Electromagnetic wave suppressors may be used as fine particles in the form of spheres or other forms, such as rods, plates, fibers or flat forms. In an embodiment, flat or needle-like fine particles having a large specific surface area can be used. Such electromagnetic wave inhibitors can enhance the electromagnetic wave suppressing ability of gel-like compositions.

The particle size of the electromagnetic wave inhibitor is not particularly limited. In embodiments in which the gel-like composition will be used as a sheet, the size of the particles can be small compared to the thickness of the sheet in order to maintain the flexibility of the sheet. In an embodiment, the diameter of the particles can be, for example, 1/5 or less, or 1/10 or less of the thickness of the sheet. In an embodiment, the particles can be for example 0.1 to 500 μm, or 1 to 200 μm.

The diameter of the particles can be measured using a scanning electron microscope (SEM), transmission electron microscope (TEM), laser diffraction scattering particle diameter distribution measuring device, dynamic light scattering photometer (DLS) and the like. The point at which the diameter of the particle can be measured may vary depending on the shape of the particle. For spherical or nearly spherical particles, the diameter of the particles may be equal to the maximum diameter at the cross section through the center of gravity. In the case of rod-shaped particles, the longer of the diameter of the bottom surface or the height of the rod can be regarded as the diameter of the particles. For flat particles, the diameter of the particles may be equal to the maximum diameter of the plate surface. For fibrous particles, the diameter of the particles may be equal to the fiber length.

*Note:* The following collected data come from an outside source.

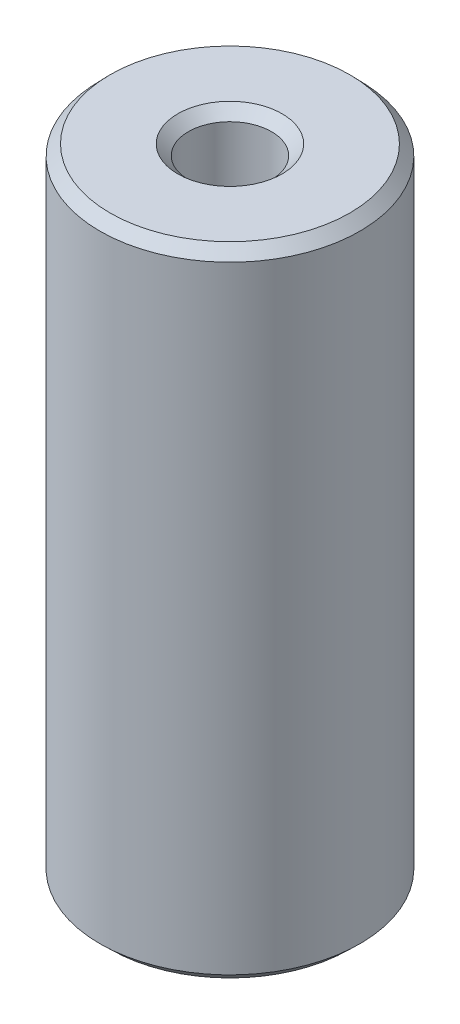
from build123d import *
from OCP.BRepFilletAPI import BRepFilletAPI_MakeChamfer

# Parameters (mm, degrees)
SKETCH1_R           = 5
BOSS_EXTRUDE1_DEPTH = 24.531407864
SKETCH2_R           = 1.5980461
CUT_EXTRUDE1_DEPTH  = 26.530177669
CHAMFER1_SIZE       = 0.407737578
CHAMFER1_SIZE2      = 0.391591973


with BuildPart() as part:
    # Sketch1 → Boss-Extrude1 (new body)
    with BuildSketch(Plane(origin=(0, 0, 0), x_dir=(1, 0, 0), z_dir=(0, 1, 0))):
        Circle(SKETCH1_R)
    extrude(amount=BOSS_EXTRUDE1_DEPTH)

    # Sketch2 → Cut-Extrude1 (cut, through all)
    with BuildSketch(Plane(origin=(0, 0, 0), x_dir=(1, 0, 0), z_dir=(0, 1, 0))):
        Circle(SKETCH2_R)
    extrude(amount=CUT_EXTRUDE1_DEPTH, mode=Mode.SUBTRACT)

    # Chamfer1: one chamfer whose edges measure the first distance from different faces: ONE call of the kernel's chamfer builder (chamfer() names one face for all edges)
    chamfer1_edges_1 = [part.edges().sort_by_distance(p)[0] for p in [
        (-1.5980461, 24.531407864, 0),
    ]]
    chamfer1_side_1 = [part.faces().sort_by_distance(p)[0] for p in [
        (-4.858578644, 24.531407864, 0),
    ]]
    chamfer1_edges_2 = [part.edges().sort_by_distance(p)[0] for p in [
        (-1.5980461, 0, 0),
    ]]
    chamfer1_side_2 = [part.faces().sort_by_distance(p)[0] for p in [
        (-1.5980461, 12.265703932, 0),
    ]]
    chamfer1_edges_3 = [part.edges().sort_by_distance(p)[0] for p in [
        (-5, 0, 0),
    ]]
    chamfer1_side_3 = [part.faces().sort_by_distance(p)[0] for p in [
        (-4.858578644, 0, 0),
    ]]
    chamfer1_edges_4 = [part.edges().sort_by_distance(p)[0] for p in [
        (-5, 24.531407864, 0),
    ]]
    chamfer1_side_4 = [part.faces().sort_by_distance(p)[0] for p in [
        (-5, 12.265703932, 0),
    ]]
    chamfer1 = BRepFilletAPI_MakeChamfer(part.part.solid().wrapped)
    for e in chamfer1_edges_1:
        chamfer1.Add(CHAMFER1_SIZE, CHAMFER1_SIZE2, e.wrapped, chamfer1_side_1[0].wrapped)  # the first distance lies on this face
    for e in chamfer1_edges_2:
        chamfer1.Add(CHAMFER1_SIZE, CHAMFER1_SIZE2, e.wrapped, chamfer1_side_2[0].wrapped)  # the first distance lies on this face
    for e in chamfer1_edges_3:
        chamfer1.Add(CHAMFER1_SIZE, CHAMFER1_SIZE2, e.wrapped, chamfer1_side_3[0].wrapped)  # the first distance lies on this face
    for e in chamfer1_edges_4:
        chamfer1.Add(CHAMFER1_SIZE, CHAMFER1_SIZE2, e.wrapped, chamfer1_side_4[0].wrapped)  # the first distance lies on this face
    add(Compound.cast(chamfer1.Shape()), mode=Mode.REPLACE)


solid = part.part
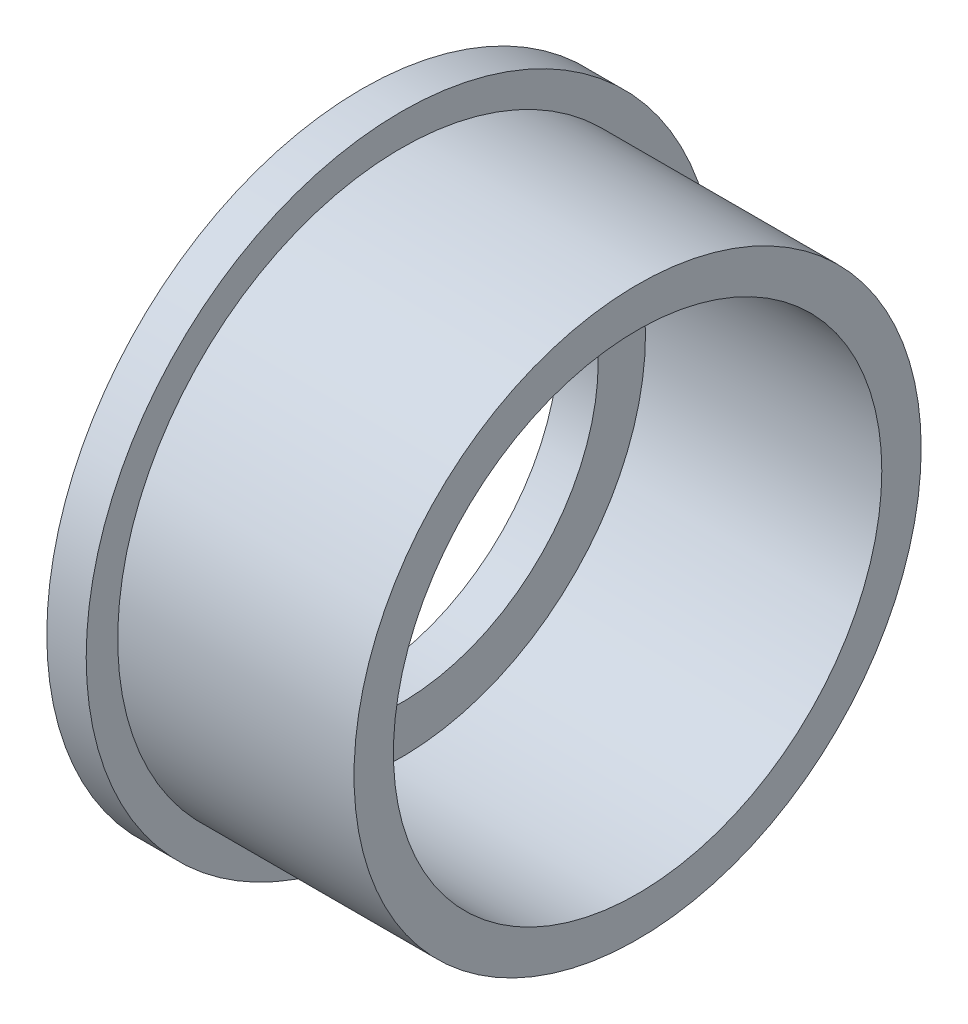
from build123d import *

# Parameters (mm, degrees)
SKETCH1_R           = 8
SKETCH1_R_2         = 5
BOSS_EXTRUDE1_DEPTH = 1
SKETCH2_R           = 7.2
SKETCH2_R_2         = 6.2
BOSS_EXTRUDE2_DEPTH = 6


with BuildPart() as part:
    # Sketch1 → Boss-Extrude1 (new body)
    with BuildSketch(Plane.YZ):
        Circle(SKETCH1_R)
        Circle(SKETCH1_R_2, mode=Mode.SUBTRACT)
    extrude(amount=BOSS_EXTRUDE1_DEPTH)

    # Sketch2 → Boss-Extrude2 (add)
    with BuildSketch(Plane.YZ.offset(1)):
        Circle(SKETCH2_R)
        Circle(SKETCH2_R_2, mode=Mode.SUBTRACT)
    extrude(amount=BOSS_EXTRUDE2_DEPTH)


solid = part.part
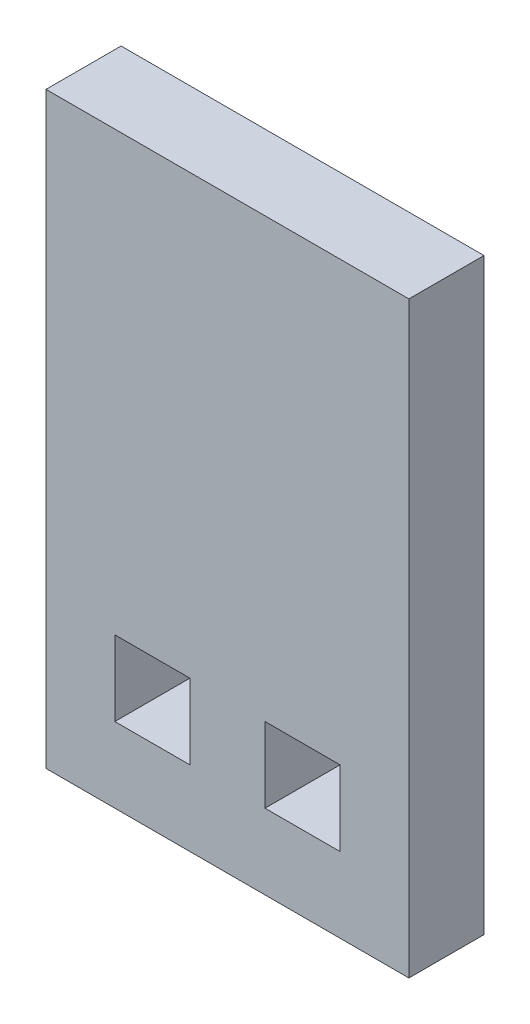
from build123d import *

# Parameters (mm, degrees)
SKETCH1_W           = 3
SKETCH1_H           = 3
BOSS_EXTRUDE1_DEPTH = 3


with BuildPart() as part:
    # Sketch1 → Boss-Extrude1 (new body)
    with BuildSketch(Plane.XY):
        Polygon((-3.861725009, -22.178574752), (-3.861725009, -1.678574752), (10.638274991, -1.678574752), (10.638274991, -22.178574752), (10.638274991, -25.178574752), (-3.861725009, -25.178574752), align=None)
        with Locations((0.388274991, -20.678574752)):
            Rectangle(SKETCH1_W, SKETCH1_H, mode=Mode.SUBTRACT)
        with Locations((6.388274991, -20.678574752)):
            Rectangle(SKETCH1_W, SKETCH1_H, mode=Mode.SUBTRACT)
    extrude(amount=BOSS_EXTRUDE1_DEPTH)


solid = part.part

Suitable flat particles can also be described by aspect ratio and thickness. For example, flat particles having an average particle thickness of 0.5 to 3 micrometers (μm) and an aspect ratio (particle diameter / particle thickness) of 2 to 100 or 10 to 60 may be used in the gel-like composition of the present invention. In an embodiment, particles having an average thickness of about 0.5 μm or less can have a reduced magnetic permeability due to the effect of processing. As used herein, the term "processing" refers to a process that compresses particles to make them more flat. During such a process, the crystal structure can be destroyed resulting in a reduced permeability. In an embodiment, particles having an average particle thickness of greater than 3 μm are likely to have a reduced permeability due to eddy currents.

When an electromagnetic wave inhibitor is mixed with an ionic liquid, the ionic charge tends to surround the particle's periphery, so that individual particles tend to be surrounded by electrical charge. As a result, the particles tend to repel each other, thereby suppressing aggregation and keeping the particles dispersed in solution. This allows electromagnetic wave inhibitors to be successfully dispersed in relatively large amounts of ionic liquid without the addition of dispersion aids and the like.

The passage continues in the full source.